The Public Service Commission, after reviewing the matters presented, find that in 1927, there was a deficit below a fair return of approximately $13,000, and in 1928 and 1929, there were excesses of about $58,000 and $50,000, respectively. The commission found that the three year period under review was one of internal reorganization and adjustment for respondent, not only of its operating organization but also of its managerial policies. Property that was not useful and excluded by the commission on the former finding of fair value, had been remodelled and is now used by the company and obligations for capital expenditures on account of other needed properties had been assumed, the organization was found to be too small to successfully handle the affairs of the company and to serve increasing demands and the company was about to enter upon a program of additions and betterments.

The commission concludes: “Under the unusual conditions of change and development which have been shown in this proceeding, the revenues of the respondent adjust themselves with reasonable approximation to the fair return which the commission found in the former proceeding to be just and reasonable.”

The apparent excess over the usual seven per cent which appears in the years 1928 and 1929 is to a certain extent overbalanced by the deficit in the year 1927. We think the case is not ripe for decision. Even taking the years where the excess appears, it is not so great as to require immediate action in order to save the public from exorbitant rates. When affairs have reached some degree of permanency, the commission will^be in a better position to adjust matters so as to give the company a proper return on its capital and afford the public a fair rate for the service rendered.

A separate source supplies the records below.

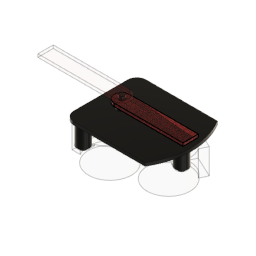
Clock_Assembly (1) (Autodesk Fusion 360 archive; units mm, degrees)
design "Movement"
description: Spur Gear; Module: 1.000000; Num Teeth: 20; Pressure Angle: 20.000000; Backlash: 0.10 mm
Autodesk Fusion 360 part; units mm, degrees
cylinder "CylinderPrimitive1" add diameter 28 height 19 placed x (1, 0, 0) y (0, 1, 0) z (0, 0, 1) at (0, 0, 0) makes body 1 in component "Motor"
sketch "Sketch2" plane through (0, 0, 19) normal (0, 0, 1) x (-1, 0, 0) in component "Motor"
  circle A0 centre (0, 0) radius 14
  line L0 (3.5, -13.5554) -> (3.5, -17.5)
  line L1 (-3.5, -13.5554) -> (-3.5, -17.5)
  line L2 (0, 0) -> (0, -14) construction
  line L3 (3.5, -17.5) -> (-3.5, -17.5) construction
  arc A1 (-3.5, -17.5) -> (3.5, -17.5) centre (0, -17.5) ccw
  circle A2 centre (0, -17.5) radius 2.05
  line L4 (0, 0) -> (-14, 0) construction
  arc A3 (3.5, 17.5) -> (-3.5, 17.5) centre (0, 17.5) ccw
  circle A4 centre (0, 17.5) radius 2.05
  line L5 (3.5, 13.5554) -> (3.5, 17.5)
  line L6 (-3.5, 13.5554) -> (-3.5, 17.5)
  circle A5 centre (-7.8, 0) radius 4.5
  circle A6 centre (-7.8, 0) radius 2.45
  line L7 (-7.8, 0) -> (-7.8, -2.45) construction
  line L8 (-9.3, -1.9371) -> (-9.3, 1.9371)
  line L9 (-6.3, -1.9371) -> (-6.3, 1.9371)
  line L10 (11.8216, -7.5) -> (17.2, -7.5)
  line L11 (17.2, -7.5) -> (17.2, 7.5)
  line L12 (17.2, 7.5) -> (11.8216, 7.5)
  line L13 (14, 0) -> (17.2, 0) construction
  dimension "d3" = 3.5
  dimension "d4" = 3.5
  dimension "d5" = 7
  dimension "d6" = 4.1
  dimension "d7" = 9
  dimension "d9" = 1.7
  dimension "d10" = 4.9
  dimension "d11" = 1.5
  dimension "d12" = 1.5
  dimension "d23" = 7.5
  dimension "d24" = 7.5
  dimension "d25" = 3.2
  constraint coincident A0 L0.start
  constraint vertical L0
  constraint coincident A0 L1.start
  constraint vertical L1
  constraint coincident A0.centre L2.start
  constraint coincident A0 L2.end
  constraint vertical L2
  constraint horizontal L3
  constraint midpoint L3 A1.centre
  constraint concentric A1 A2
  constraint coincident A0 L4.end
  constraint perpendicular L2 L4
  constraint symmetric L0.start L4 L5.start
  constraint symmetric L0.end L4 A3.start
  constraint symmetric L1.start L4 L6.start
  constraint symmetric L1.end L4 A3.end
  constraint symmetric A1 L4 A3
  constraint symmetric A2 L4 A4
  constraint coincident L4 A5.centre
  constraint concentric A5 A6
  constraint coincident A5.centre A6.centre
  constraint coincident A6 L7.end
  constraint perpendicular L4 L7
  constraint coincident A6 L8.start
  constraint coincident A6 L8.end
  constraint vertical L8
  constraint coincident A6 L9.start
  constraint coincident A6 L9.end
  constraint parallel L8 L9
  constraint coincident A0 L10.start
  constraint horizontal L10
  constraint perpendicular L10 L11
  constraint coincident A0 L12.end
  constraint perpendicular L11 L12
  constraint coincident A0 L13.start
  constraint coincident L11 L13.end
  constraint perpendicular L11 L13
  constraint collinear L4 L13
  measures "d3" distance of L0 L2
  measures "d4" distance of L1 L2
  measures "d5" distance of L2.end A1
  measures "d6" diameter of A2
  measures "d7" diameter of A5
  measures "d9" distance of L4.end A5
  measures "d10" diameter of A6
  measures "d11" distance of L7 L8
  measures "d12" distance of L7 L9
  measures "d23" distance of L12 L13
  measures "d24" distance of L10 L13
  measures "d25" distance of A0 L11
extrude "Extrude1" add sketch "Sketch2" against normal blind 0.85 contours A0 A3 L5 L6 | A0 L0 L1 A1 bodies 1 in component "Motor"
extrude "Extrude2" add sketch "Sketch2" along normal blind 1.7 contours A5 | A6 L9 | A6 L8 L9 | A6 L8 bodies 1 in component "Motor"
extrude "Extrude3" add sketch "Sketch2" along normal blind 2.25 from surface at 1.7 contours A6 L9 | A6 L8 L9 | A6 L8 bodies 1 in component "Motor"
extrude "Extrude4" add sketch "Sketch2" along normal blind 10 contours A6 L8 L9 bodies 1 in component "Motor"
extrude "Extrude5" add sketch "Sketch2" against normal blind 16.5 contours A0 L10 L11 L12 bodies 1 in component "Motor"
sketch "Sketch1" plane through (0, 0, 29) normal (0, 0, 1) x (-1, 0, 0) in component "Minute Hand"
  arc A0 (-9.3, -1.9371) -> (-6.3, -1.9371) centre (-7.8, 0) ccw construction
  line L0 (-6.3, -1.9371) -> (-6.3, 1.9371) construction
  arc A1 (-6.3, 1.9371) -> (-9.3, 1.9371) centre (-7.8, 0) ccw construction
  line L1 (-9.3, 1.9371) -> (-9.3, -1.9371)
  line L2 (-6.3, 1.9371) -> (-6.3, -1.9371) construction
  arc A2 (-6.3, -1.9371) -> (-6.3, 1.9371) centre (-7.8, 0) ccw construction
  line L3 (-9.3, -1.9371) -> (-9.3, 1.9371) construction
  arc A3 (-9.3, 1.9371) -> (-9.3, -1.9371) centre (-7.8, 0) ccw construction
  arc A4 (-5.0755, -3.5185) -> (-5.0755, 3.5185) centre (-7.8, 0) ccw
  arc A5 (-5.0755, 3.5185) -> (-10.5245, 3.5185) centre (-7.8, 0) ccw
  arc A6 (-10.5245, 3.5185) -> (-10.5245, -3.5185) centre (-7.8, 0) ccw
  arc A7 (-10.5245, -3.5185) -> (-5.0755, -3.5185) centre (-7.8, 0) ccw
  arc A8 (-6.2, 1.9856) -> (-9.4, 1.9856) centre (-7.8, 0) ccw
  line L4 (-9.4, -1.9856) -> (-9.4, 1.9856)
  arc A9 (-9.4, -1.9856) -> (-6.2, -1.9856) centre (-7.8, 0) ccw
  line L5 (-6.2, -1.9856) -> (-6.2, 1.9856)
  circle A10 centre (-7.8, 0) radius 1.6
  dimension "d28" = 2
  dimension "d29" = 0.1
  dimension "d32" = 3.2
  constraint concentric A3 A10
  measures "d32" diameter of A10
extrude "Extrude1'" add sketch "Sketch1" against normal up to surface (5.05 mm away) separate body makes body 2 in component "Minute Hand"
extrude "Extrude3'" add sketch "Sketch1" along normal blind 1 contours L1 A10 | A8 L4 L5 A10 | L1 A10 | L4 A9 L5 A10 | A4 A5 A6 A7 bodies 2 in component "Minute Hand"
extrude "Extrude2'" add sketch "Sketch1" along normal blind 12.5 from surface at 1 contours L1 A10 | L1 A10 bodies 2 in component "Minute Hand"
sketch "Sketch1 (2)" plane through (0, 0, 0) normal (0, 0, 1) x (1, 0, 0) in component "Hour Hand"
  circle A0 centre (0, 0) radius 8.7492
extrude "Extrude1''" add sketch "Sketch1 (2)" along normal blind 3 separate body makes body 3 in component "Hour Hand"
sketch "Sketch2 (2)" plane through (0, 0, 0) normal (0, 0, 1) x (1, 0, 0) in component "Hour Hand"
  spline S0 degree 5 poles (9.3581, -0.8534) (9.3628, -0.8538) (9.3721, -0.8546) (9.3861, -0.8553) (9.4048, -0.8555) (9.4282, -0.8549) (9.4516, -0.8535) (9.4751, -0.8518) (9.4986, -0.8498) (9.5221, -0.8476) (9.5456, -0.8452) (9.5692, -0.8427) (9.5927, -0.8398) (9.6163, -0.8366) (9.6398, -0.8331) (9.6634, -0.8293) (9.687, -0.8252) (9.7106, -0.8208) (9.7342, -0.8163) (9.7577, -0.8116) (9.7813, -0.8067) (9.8049, -0.8015) (9.8285, -0.7962) (9.8521, -0.7907) (9.8757, -0.7849) (9.8993, -0.779) (9.9228, -0.7729) (9.9464, -0.7665) (9.97, -0.76) (9.9935, -0.7533) (10.0171, -0.7465) (10.0407, -0.7394) (10.0642, -0.7322) (10.0877, -0.7249) (10.1113, -0.7173) (10.1348, -0.7096) (10.1583, -0.7017) (10.1818, -0.6937) (10.2053, -0.6855) (10.2288, -0.6771) (10.2523, -0.6686) (10.2758, -0.6599) (10.2992, -0.6511) (10.3227, -0.6421) (10.3461, -0.633) (10.3695, -0.6237) (10.3929, -0.6143) (10.4163, -0.6047) (10.4397, -0.5949) (10.463, -0.5851) (10.4864, -0.5751) (10.5097, -0.5649) (10.533, -0.5546) (10.5563, -0.5441) (10.5796, -0.5336) (10.6029, -0.5228) (10.6261, -0.512) (10.6493, -0.501) (10.6726, -0.4898) (10.6957, -0.4785) (10.7189, -0.4671) (10.7421, -0.4556) (10.7652, -0.4439) (10.7883, -0.4321) (10.8114, -0.4201) (10.8345, -0.4081) (10.8575, -0.3959) (10.8806, -0.3835) (10.9036, -0.3711) (10.9265, -0.3585) (10.9495, -0.3458) (10.9679, -0.3355) (10.9816, -0.3277) (10.9908, -0.3225) (10.9953, -0.3199) knots 0 0 0 0 0 0 0.01428571 0.02857143 0.04285714 0.05714286 0.07142857 0.08571429 0.1 0.11428571 0.12857143 0.14285714 0.15714286 0.17142857 0.18571429 0.2 0.21428571 0.22857143 0.24285714 0.25714286 0.27142857 0.28571429 0.3 0.31428571 0.32857143 0.34285714 0.35714286 0.37142857 0.38571429 0.4 0.41428571 0.42857143 0.44285714 0.45714286 0.47142857 0.48571429 0.5 0.51428571 0.52857143 0.54285714 0.55714286 0.57142857 0.58571429 0.6 0.61428571 0.62857143 0.64285714 0.65714286 0.67142857 0.68571429 0.7 0.71428571 0.72857143 0.74285714 0.75714286 0.77142857 0.78571429 0.8 0.81428571 0.82857143 0.84285714 0.85714286 0.87142857 0.88571429 0.9 0.91428571 0.92857143 0.94285714 0.95714286 0.97142857 0.98571429 1 1 1 1 1 1
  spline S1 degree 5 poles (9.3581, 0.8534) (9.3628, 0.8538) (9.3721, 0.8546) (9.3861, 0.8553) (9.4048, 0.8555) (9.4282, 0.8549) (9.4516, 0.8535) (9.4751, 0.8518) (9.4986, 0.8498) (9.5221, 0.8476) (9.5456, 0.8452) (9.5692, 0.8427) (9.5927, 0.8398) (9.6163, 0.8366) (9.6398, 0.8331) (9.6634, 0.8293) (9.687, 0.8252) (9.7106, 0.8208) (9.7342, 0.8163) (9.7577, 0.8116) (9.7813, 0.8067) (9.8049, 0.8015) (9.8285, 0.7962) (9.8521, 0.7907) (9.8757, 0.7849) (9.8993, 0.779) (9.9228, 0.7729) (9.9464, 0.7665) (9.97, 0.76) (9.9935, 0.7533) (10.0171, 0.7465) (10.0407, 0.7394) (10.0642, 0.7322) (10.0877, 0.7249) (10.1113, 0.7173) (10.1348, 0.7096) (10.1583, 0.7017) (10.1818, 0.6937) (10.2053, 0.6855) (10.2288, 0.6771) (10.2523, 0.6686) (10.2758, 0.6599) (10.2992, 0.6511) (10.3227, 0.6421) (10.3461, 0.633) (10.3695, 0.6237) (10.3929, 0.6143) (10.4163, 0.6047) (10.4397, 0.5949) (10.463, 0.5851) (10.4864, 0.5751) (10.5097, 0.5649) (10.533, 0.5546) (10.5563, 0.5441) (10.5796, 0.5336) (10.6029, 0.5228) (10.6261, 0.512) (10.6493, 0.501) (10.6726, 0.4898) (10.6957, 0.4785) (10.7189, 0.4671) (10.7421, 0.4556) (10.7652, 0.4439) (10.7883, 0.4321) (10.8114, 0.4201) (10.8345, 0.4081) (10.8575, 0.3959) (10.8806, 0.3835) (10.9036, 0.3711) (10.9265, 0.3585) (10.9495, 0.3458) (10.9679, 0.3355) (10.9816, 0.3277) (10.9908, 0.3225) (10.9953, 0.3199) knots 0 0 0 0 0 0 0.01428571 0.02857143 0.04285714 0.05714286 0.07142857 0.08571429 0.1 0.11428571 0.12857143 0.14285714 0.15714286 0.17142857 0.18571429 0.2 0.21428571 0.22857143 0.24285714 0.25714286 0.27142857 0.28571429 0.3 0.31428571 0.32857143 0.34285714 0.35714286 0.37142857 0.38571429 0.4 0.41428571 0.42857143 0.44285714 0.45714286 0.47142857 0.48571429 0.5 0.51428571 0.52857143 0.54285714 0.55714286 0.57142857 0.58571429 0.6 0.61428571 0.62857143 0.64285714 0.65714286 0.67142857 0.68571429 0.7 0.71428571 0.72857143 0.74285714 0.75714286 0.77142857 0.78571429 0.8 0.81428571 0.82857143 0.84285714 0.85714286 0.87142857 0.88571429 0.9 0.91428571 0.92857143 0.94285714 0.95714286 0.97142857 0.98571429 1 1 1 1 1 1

We believe that for the present, the finding of the Public Service Commission should remain and that if things change in the future, readjustment may be had, for we cannot tell whether next year may show a deficit in the operation of this company or an increased earning. While there is no fixed rule that there should be a period of repose between applications to the Public Service Commission, for a change of rates, we feel there should be some assurance before rates are fixed that they are the result of a sufficient period of time to justify the conclusion that they will at least have some degree of permanence. If the opinion of the Commission that the present rates are fair is not borne out by the experience of the Company, the way is open to have them adjusted to the the new conditions that may arise.

The order is affirmed.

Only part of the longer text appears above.